Patty Judge, a former Iowa lieutenant governor and state agriculture secretary, is expected to announce her challenge this weekend to Mr. Grassley, who is seeking a seventh Senate term and had previously been seen as having little opposition to re-election. [...] Ms. Judge, a nurse by profession, has been a political fixture in Iowa for decades, serving in the State Senate, as secretary of agriculture -- the first woman to hold that post -- then as lieutenant governor. She and her husband own a cow and calf farm in rural southern Iowa. Democrats had wooed her to challenge Mr. Grassley for some time, but she had demurred until now, because Mr. Grassley has been extremely popular in the state.
At the start of every election cycle, there's broad agreement about which races are likely to matter most. Months before voters even think about casting ballots, it's usually pretty easy to tell which races will be nail-biters, which will be landslides, and which will be somewhere in between.
Iowa Sen. Chuck Grassley (R), for example, was seen as such a lock for re-election, I'd actually forgotten he was up this year. The Republican incumbent has an amazing electoral track record -- since getting elected to the Senate 36 years ago, Grassley won his closest race by 31 points -- and Democrats who bother to challenge him are generally seen as sacrificial lambs.
But in so many ways, 2016 is turning out to be a year of unexpected developments. The New York Times reported yesterday that, all of a sudden, a "formidable Democratic challenger" is ready to take on Grassley.
If the reporting is accurate, Judge sees an opportunity that didn't exist before -- and so do Democrats.
Part of this dynamic is driven by Grassley's genuinely ridiculous handling of the Supreme Court vacancy, and the degree to which the pressure is causing him to seemingly unravel. The Iowan is in an incredibly important position as chairman of the Senate Judiciary Committee, and by any fair measure, Grassley's doing a truly horrible job.

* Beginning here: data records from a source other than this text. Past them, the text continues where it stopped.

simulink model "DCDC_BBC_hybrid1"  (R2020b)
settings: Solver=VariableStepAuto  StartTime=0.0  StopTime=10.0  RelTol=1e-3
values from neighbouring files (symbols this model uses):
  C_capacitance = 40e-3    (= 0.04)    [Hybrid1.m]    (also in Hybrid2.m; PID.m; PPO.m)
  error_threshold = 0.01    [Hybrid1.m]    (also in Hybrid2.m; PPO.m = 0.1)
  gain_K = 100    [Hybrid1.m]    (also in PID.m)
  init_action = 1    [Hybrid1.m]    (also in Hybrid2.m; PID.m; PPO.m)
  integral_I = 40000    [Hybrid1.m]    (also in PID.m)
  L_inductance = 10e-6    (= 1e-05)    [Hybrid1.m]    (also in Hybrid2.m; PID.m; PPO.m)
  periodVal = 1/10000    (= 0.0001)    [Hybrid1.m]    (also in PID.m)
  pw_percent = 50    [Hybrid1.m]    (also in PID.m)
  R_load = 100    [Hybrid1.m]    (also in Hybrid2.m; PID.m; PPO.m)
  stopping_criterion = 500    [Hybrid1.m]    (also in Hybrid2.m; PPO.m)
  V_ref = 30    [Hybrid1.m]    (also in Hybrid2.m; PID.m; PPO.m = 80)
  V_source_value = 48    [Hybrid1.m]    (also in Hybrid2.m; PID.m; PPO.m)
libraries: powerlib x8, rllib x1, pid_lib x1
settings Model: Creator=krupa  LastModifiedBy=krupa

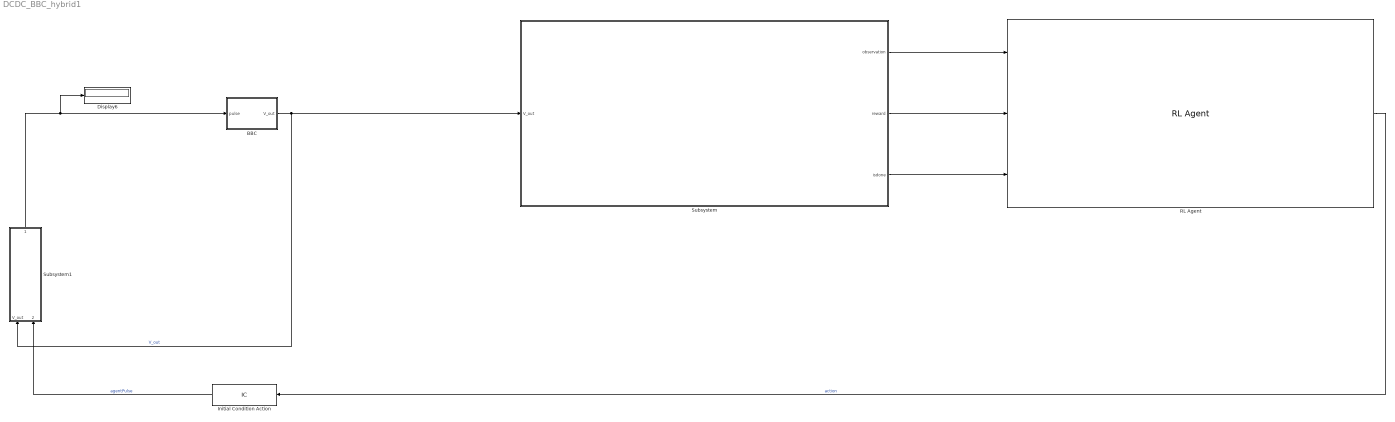
== system DCDC_BBC_hybrid1 ==
  BBC : Subsystem
  Display6 : Display
  Initial Condition Action : InitialCondition  Value=init_action
  RL Agent : rllib/RL Agent  Agent=agent  ProvideReward=on  ProvideIsDone=on  ProvideCumRwd=off  TreatAsDirectFeedthrough=on  CollectLoggedSignals=on  CollectModelStates=on
  Subsystem : Subsystem
  Subsystem1 : Subsystem
  wires:
  Subsystem/2(reward) -> RL Agent/2
  Subsystem/3(isdone) -> RL Agent/3
  Subsystem/1(observation) -> RL Agent/1
  RL Agent/1 -> Initial Condition Action/1  "action"
  BBC/1(V_out) -> Subsystem1/1(V_out), Subsystem/1(V_out)  "V_out"
  Subsystem1/1(action_applied) -> Display6/1, BBC/1(pulse)
  Initial Condition Action/1 -> Subsystem1/2(agentPulse)  "agentPulse"

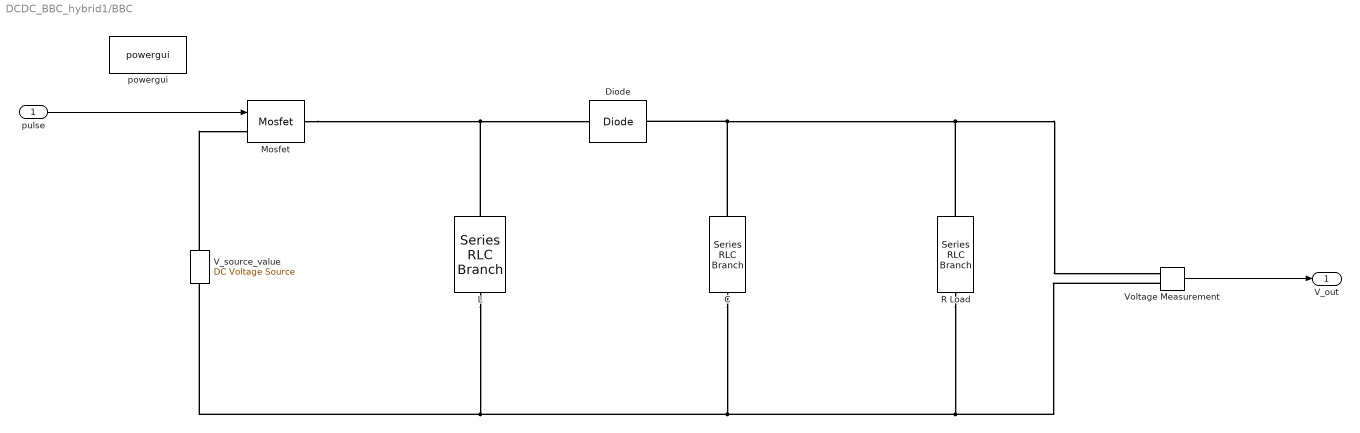
== system DCDC_BBC_hybrid1/BBC ==
  pulse : Inport
  C : powerlib/Elements/Series RLC Branch  LConnTagsString=__new0  RConnTagsString=__new0  BranchType=C  Resistance=1  Inductance=1e-3  SetiL0=off  InitialCurrent=0  Capacitance=C_capacitance  Setx0=off  InitialVoltage=0  Measurements=None
  Diode : powerlib/Power Electronics/Diode  Ron=0.001  Lon=0  Vf=0.8  IC=0  UseSnubber=0  Rs=500  Cs=250e-9  Measurements=off
  L : powerlib/Elements/Series RLC Branch  LConnTagsString=__new0  RConnTagsString=__new0  BranchType=L  Resistance=1  Inductance=L_inductance  SetiL0=off  InitialCurrent=0  Capacitance=1e-6  Setx0=off  InitialVoltage=0  Measurements=None
  Mosfet : powerlib/Power Electronics/Mosfet  Ron=0.1  Lon=0  Rd=0.01  Vfd=0  IC=0  Rs=1e5  Cs=inf  Measurements=off
  R Load : powerlib/Elements/Series RLC Branch  LConnTagsString=__new0  RConnTagsString=__new0  BranchType=R  Resistance=R_load  Inductance=1e-3  SetiL0=off  InitialCurrent=0  Capacitance=1e-6  Setx0=off  InitialVoltage=0  Measurements=None
  V_source_value : powerlib/Electrical Sources/DC Voltage Source  Amplitude=V_source_value  Measurements=None
  Voltage Measurement : powerlib/Measurements/Voltage Measurement  PhasorSimulation=off  OutputType=Complex  PSBequivalent=0
  powergui : powerlib/powergui  Priority=1  SimulationMode=Continuous  SampleTime=50e-6  frequency=60  Iterations=50  frequencyindice=0  Pbase=100e6  ErrMax=1e-4  UnitsV=kV  UnitsW=MW  buscounter=0  FunctionMessages=off  echomessages=off  EnableUseOfTLC=off  CurrentSourceSwitches=off  DisableSnubberDevices=off  DisableRonSwitches=off  DisableVfSwitches=off  DisplayEquations=off  AutomaticDiscreteSolvers=off  SolverType=Tustin/Backward Euler (TBE)  Interpol=off  ExternalGateDelay=off  methode=off  Ts=100  x0status=blocks  SPID=on  SwTol=0  HookPort=off  NonlinearTolerance=1e-4  nMaxIteration=100  ContinueOnMaxIteration=off  RestoreLinks=warning  ResistiveCurrentMeasurement=off  Frange=[0:2:500]  Ylog=off  Xlog=on  ShowGrid=off  save=off  variable=ZData  structure=0  ZoomFFT=off  StartTime=0.0  cycles=1  DisplayStyle=1  fundamental=60  FreqAxis=off  MaxFrequency=1000  frequencyindicesteady=1  RmsSteady=1  display=off
  V_out : Outport
  wires:
  Voltage Measurement/1 -> V_out/1
  pulse/1 -> Mosfet/1
  connections:
  V_source_value/RConn1 -- Mosfet/LConn1
  C/RConn1 -- Voltage Measurement/LConn1 -- R Load/RConn1 -- Diode/LConn1
  L/RConn1 -- Diode/RConn1 -- Mosfet/RConn1
  R Load/LConn1 -- Voltage Measurement/LConn2 -- C/LConn1 -- L/LConn1 -- V_source_value/LConn1

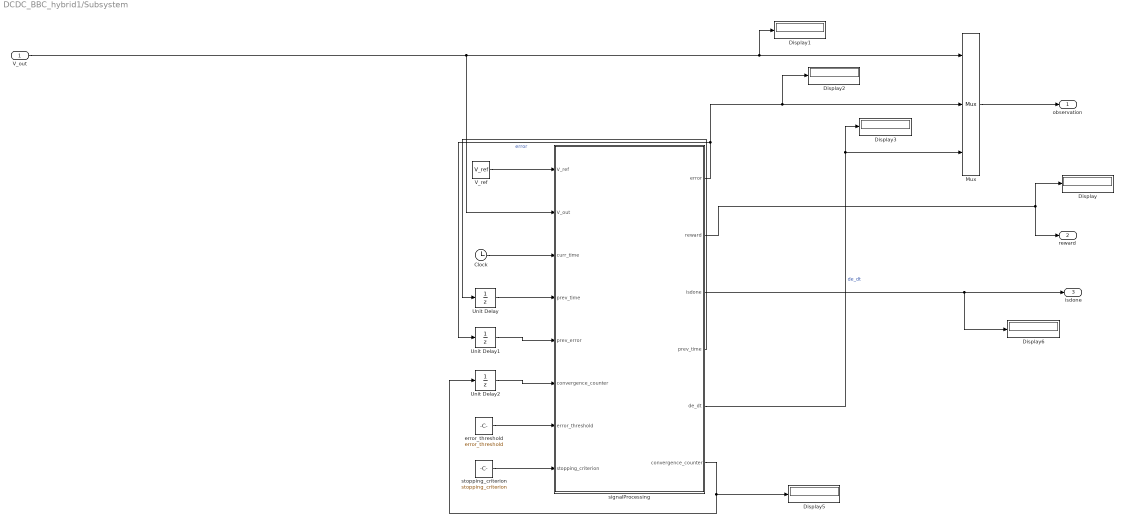
== system DCDC_BBC_hybrid1/Subsystem ==
  V_out : Inport
  Clock : Clock
  Display{,1..3,5..6} (6 alike) : Display
  Mux : Mux  Inputs=3
  Unit Delay : UnitDelay  SampleTime=-1  HasFrameUpgradeWarning=on
  Unit Delay1 : UnitDelay  SampleTime=-1  HasFrameUpgradeWarning=on
  Unit Delay2 : UnitDelay  SampleTime=-1  HasFrameUpgradeWarning=on
  V_ref : Constant  Value=V_ref
  error_threshold : Constant  Value=error_threshold
  signalProcessing : MATLAB Function  TreatAsAtomicUnit=on
  stopping_criterion : Constant  Value=stopping_criterion
  observation : Outport
  reward : Outport  Port=2
  isdone : Outport  Port=3
  wires:
  V_out/1 -> signalProcessing/2(V_out), Display1/1, Mux/1
  Unit Delay/1 -> signalProcessing/4("prev_time ")
  signalProcessing/2(reward) -> reward/1, Display/1
  V_ref/1 -> signalProcessing/1(V_ref)
  Mux/1 -> observation/1
  Unit Delay2/1 -> signalProcessing/6("convergence_counter ")
  signalProcessing/3(isdone) -> Display6/1, isdone/1
  Unit Delay1/1 -> signalProcessing/5(prev_error)
  signalProcessing/6(convergence_counter) -> Display5/1, Unit Delay2/1
  signalProcessing/1(error) -> Unit Delay1/1, Display2/1, Mux/2  "error"
  signalProcessing/5(de_dt) -> Display3/1, Mux/3  "de_dt"
  Clock/1 -> signalProcessing/3(curr_time)
  error_threshold/1 -> signalProcessing/7(error_threshold)
  stopping_criterion/1 -> signalProcessing/8(stopping_criterion)
  signalProcessing/4(prev_time) -> Unit Delay/1

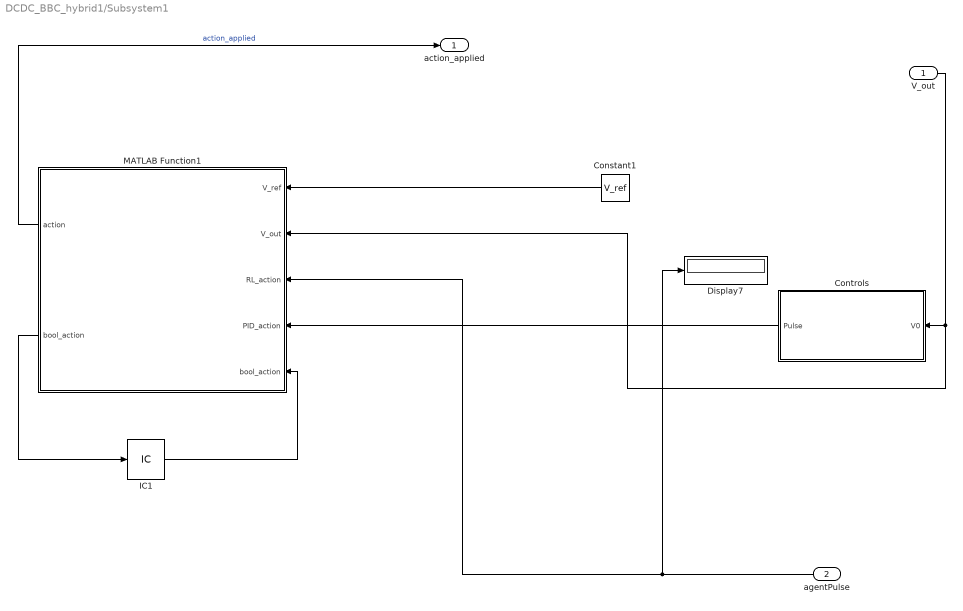
== system DCDC_BBC_hybrid1/Subsystem1 ==
  V_out : Inport
  agentPulse : Inport  Port=2
  Constant1 : Constant  Value=V_ref
  Controls : Subsystem
  Display7 : Display
  IC1 : InitialCondition  Value=0
  MATLAB Function1 : MATLAB Function  TreatAsAtomicUnit=on
  action_applied : Outport
  wires:
  agentPulse/1 -> Display7/1, MATLAB Function1/3(RL_action)
  V_out/1 -> MATLAB Function1/2(V_out), Controls/1(V0)
  Controls/1(Pulse) -> MATLAB Function1/4(PID_action)
  IC1/1 -> MATLAB Function1/5("bool_action ")
  Constant1/1 -> MATLAB Function1/1(V_ref)
  MATLAB Function1/1(action) -> action_applied/1  "action_applied"
  MATLAB Function1/2(bool_action) -> IC1/1

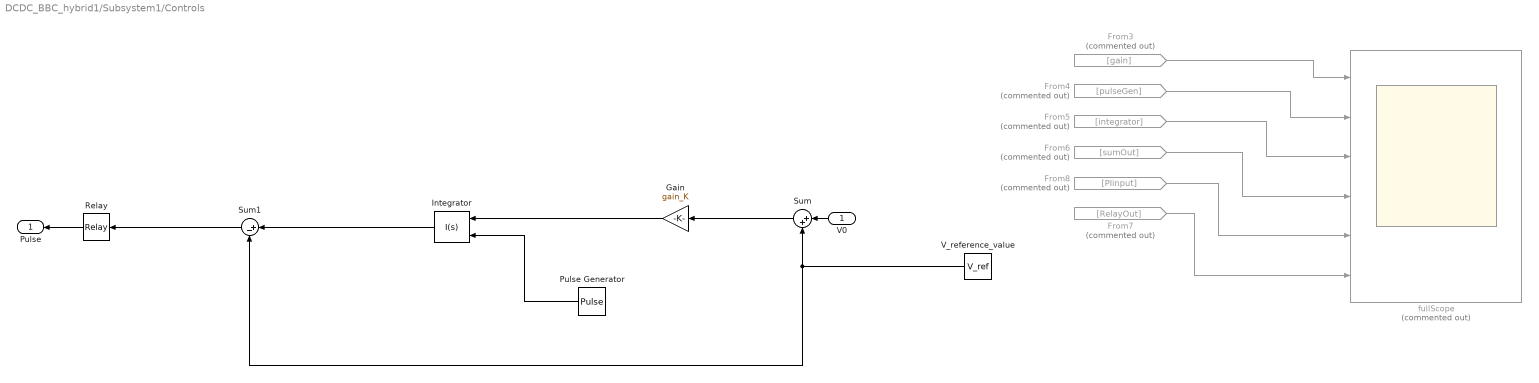
== system DCDC_BBC_hybrid1/Subsystem1/Controls ==
  V0 : Inport
  From3 : From  Commented=on  GotoTag=gain
  From4 : From  Commented=on  GotoTag=pulseGen
  From5 : From  Commented=on  GotoTag=integrator
  From6 : From  Commented=on  GotoTag=sumOut
  From7 : From  Commented=on  GotoTag=RelayOut
  From8 : From  Commented=on  GotoTag=PIinput
  Gain : Gain  Gain=gain_K
  Integrator : pid_lib/PID Controller  Controller=I  Form=Parallel  TimeDomain=Continuous-time  UseExternalTs=off  SampleTime=-1  IntegratorMethod=Forward Euler  FilterMethod=Forward Euler  ControllerParametersSource=internal  P=1  I=integral_I  D=0  UseFilter=on  N=100  TunerSelectOption=Transfer Function Based (PID Tuner App)  InitialConditionSource=internal  InitialConditionForIntegrator=0  InitialConditionForFilter=0  DifferentiatorICPrevScaledInput=0  ExternalReset=rising  TrackingMode=off  Kt=1  LimitOutput=off  SatLimitsSource=internal  UpperSaturationLimit=inf  LowerSaturationLimit=-inf  LinearizeAsGain=off  AntiWindupMode=none  Kb=1  POutMin=[]  POutMax=[]  IOutMin=[]  IOutMax=[]  DOutMin=[]  DOutMax=[]  NOutMin=[]  NOutMax=[]  SumOutMin=[]  SumOutMax=[]  SaturationOutMin=[]  SaturationOutMax=[]  PParamMin=[]  PParamMax=[]  IParamMin=[]  IParamMax=[]  DParamMin=[]  DParamMax=[]  NParamMin=[]  NParamMax=[]  KbParamMin=[]  KbParamMax=[]  KtParamMin=[]  KtParamMax=[]  KbOutMin=[]  KbOutMax=[]  KtOutMin=[]  KtOutMax=[]  IntegratorOutMin=[]  IntegratorOutMax=[]  FilterOutMin=[]  FilterOutMax=[]  SumI1OutMin=[]  SumI1OutMax=[]  SumI2OutMin=[]  SumI2OutMax=[]  SumI3OutMin=[]  SumI3OutMax=[]  SumI4OutMin=[]  SumI4OutMax=[]  SumDOutMin=[]  SumDOutMax=[]  DifferentiatorOutMin=[]  DifferentiatorOutMax=[]  FilterDiffOutCoefMin=[]  FilterDiffOutCoefMax=[]  ReciprocalOutMin=[]  ReciprocalOutMax=[]  SumDenOutMin=[]  SumDenOutMax=[]  SumNumOutMin=[]  SumNumOutMax=[]  DivideOutMin=[]  DivideOutMax=[]  UdiffTsProdOutMin=[]  UdiffTsProdOutMax=[]  NTsProdOutMin=[]  NTsProdOutMax=[]  UintegralTsProdOutMin=[]  UintegralTsProdOutMax=[]  UngainTsProdOutMin=[]  UngainTsProdOutMax=[]  IntegratorContinuousStateAttributes=''  IntegratorStateMustResolveToSignalObject=off  IntegratorRTWStateStorageClass=Auto  FilterContinuousStateAttributes=''  FilterStateMustResolveToSignalObject=off  FilterRTWStateStorageClass=Auto  ParallelPVariant=Disabled  IdealPVariant=Disabled  IVariant=InternalParameters  DVariant=Disabled  IntegratorVariant=Continuous  SatVariant=Disabled  AWVariant=Passthrough  PCopyVariant=Disabled  TRVariant=Disabled  FdbkBlocksVariant=Forward  IdealPFdbkVariant=Disabled  SatFdbkVariant=Disabled  DerivativeFilterVariant=Disabled  NVariant=Disabled  NCopyVariant=Disabled_SignalSpec  FilterICVariant=Disabled  IntegratorICVariant=InternalICs  ExternalResetVariant=ExternalReset  TRSumVariant=Passthrough  SumFdbkVariant=Disabled  SumVariant=Passthrough_I  TsampFilterVariant=InternalTs  TsampNgainVariant=Passthrough  TsampIntegralVariant=Passthrough  ExternalSaturationOutDataTypeStr=Inherit: Same as second input
  Pulse Generator : DiscretePulseGenerator  PulseType=Time based  Period=periodVal  PulseWidth=pw_percent
  Relay : Relay
  Sum : Sum  Inputs=|++
  Sum1 : Sum  Inputs=|+-
  V_reference_value : Constant  Value=V_ref
  fullScope : Scope  Commented=on  NumInputPorts=6
  Pulse : Outport
  wires:
  Sum/1 -> Gain/1
  V0/1 -> Sum/1
  Gain/1 -> Integrator/1
  Relay/1 -> Pulse/1
  Sum1/1 -> Relay/1
  Integrator/1 -> Sum1/1
  V_reference_value/1 -> Sum1/2, Sum/2
  Pulse Generator/1 -> Integrator/2
  From8/1 -> fullScope/5
  From4/1 -> fullScope/2
  From3/1 -> fullScope/1
  From7/1 -> fullScope/6
  From6/1 -> fullScope/4
  From5/1 -> fullScope/3

== matlab function DCDC_BBC_hybrid1/Subsystem1/MATLAB Function1 ==
  data: V_ref input; V_out input; action output; RL_action input; PID_action input; bool_action input; bool_action output
function [action, bool_action] = fcn(V_ref, V_out, RL_action, PID_action, bool_action)
if bool_action == 1
    action = PID_action;
else
    if abs(V_out)>=V_ref
        action= PID_action;
        bool_action = 1;
    else
        action = RL_action;
    end
end

== matlab function DCDC_BBC_hybrid1/Subsystem/signalProcessing ==
  data: V_ref input; error output; V_out input; curr_time input; prev_time input; prev_error input; convergence_counter input; error_threshold input; stopping_criterion input; reward output; isdone output; prev_time output; de_dt output; convergence_counter output
function [error, reward, isdone, prev_time, de_dt, convergence_counter] = signalProcessing(V_ref, V_out, curr_time, prev_time, prev_error, convergence_counter, error_threshold, stopping_criterion)
%error
abs_Vout = abs(V_out);
error = V_ref - abs_Vout;
abs_error = abs(error);

% change in error
de_dt = (prev_error - error)/(curr_time - prev_time);

isdone = 0;
prev_time = curr_time; 

% convergence criterion
if abs_error <= error_threshold
    convergence_counter = convergence_counter +1;
    if convergence_counter >= stopping_criterion
        isdone = 1;
    end
else
    convergence_counter = 0;
end


if abs_Vout<=(V_ref+error_threshold)
    if abs_error<abs(prev_error)
        reward = 1/abs_error;
    else
        reward = -1/abs_error;
    end
else
    reward = -abs_error;
end
% reward = 1/abs_error;




% if abs_Vout <= (V_ref+error_threshold)
%     if abs_error<=abs(prev_error)
%         reward = 1/abs_error;
%     else
%         reward = -1/abs_error;
%     end
% else
%     reward = -abs_error;
% end

% if abs_Vout == V_ref
%     reward = 100;
% elseif abs_Vout<V_ref
%    reward = (0.25*(1-(curr_time/Tf))) + (0.5*(V_out/V_ref)) + (0.25*(1-(error/prev_error)));
% elseif abs_Vout <= (V_ref+error_threshold)
%     reward = 
% end

Indeed, news organizations -- and even some Republicans -- in Iowa are hammering Grassley for his scandalous partisan tantrum, causing many to rethink his re-election odds.
The fact that Grassley this week began fundraising off the controversy, even while whining about Democrats "politicizing" the court vacancy, only added insult to injury.
But for Democrats on a national level, the prospect of a divided and chaotic Republican Party, and even a possible Donald Trump nomination, has changed expectations about the entire election cycle.
And if Chuck Grassley is no longer seen as a safe bet for re-election, who is?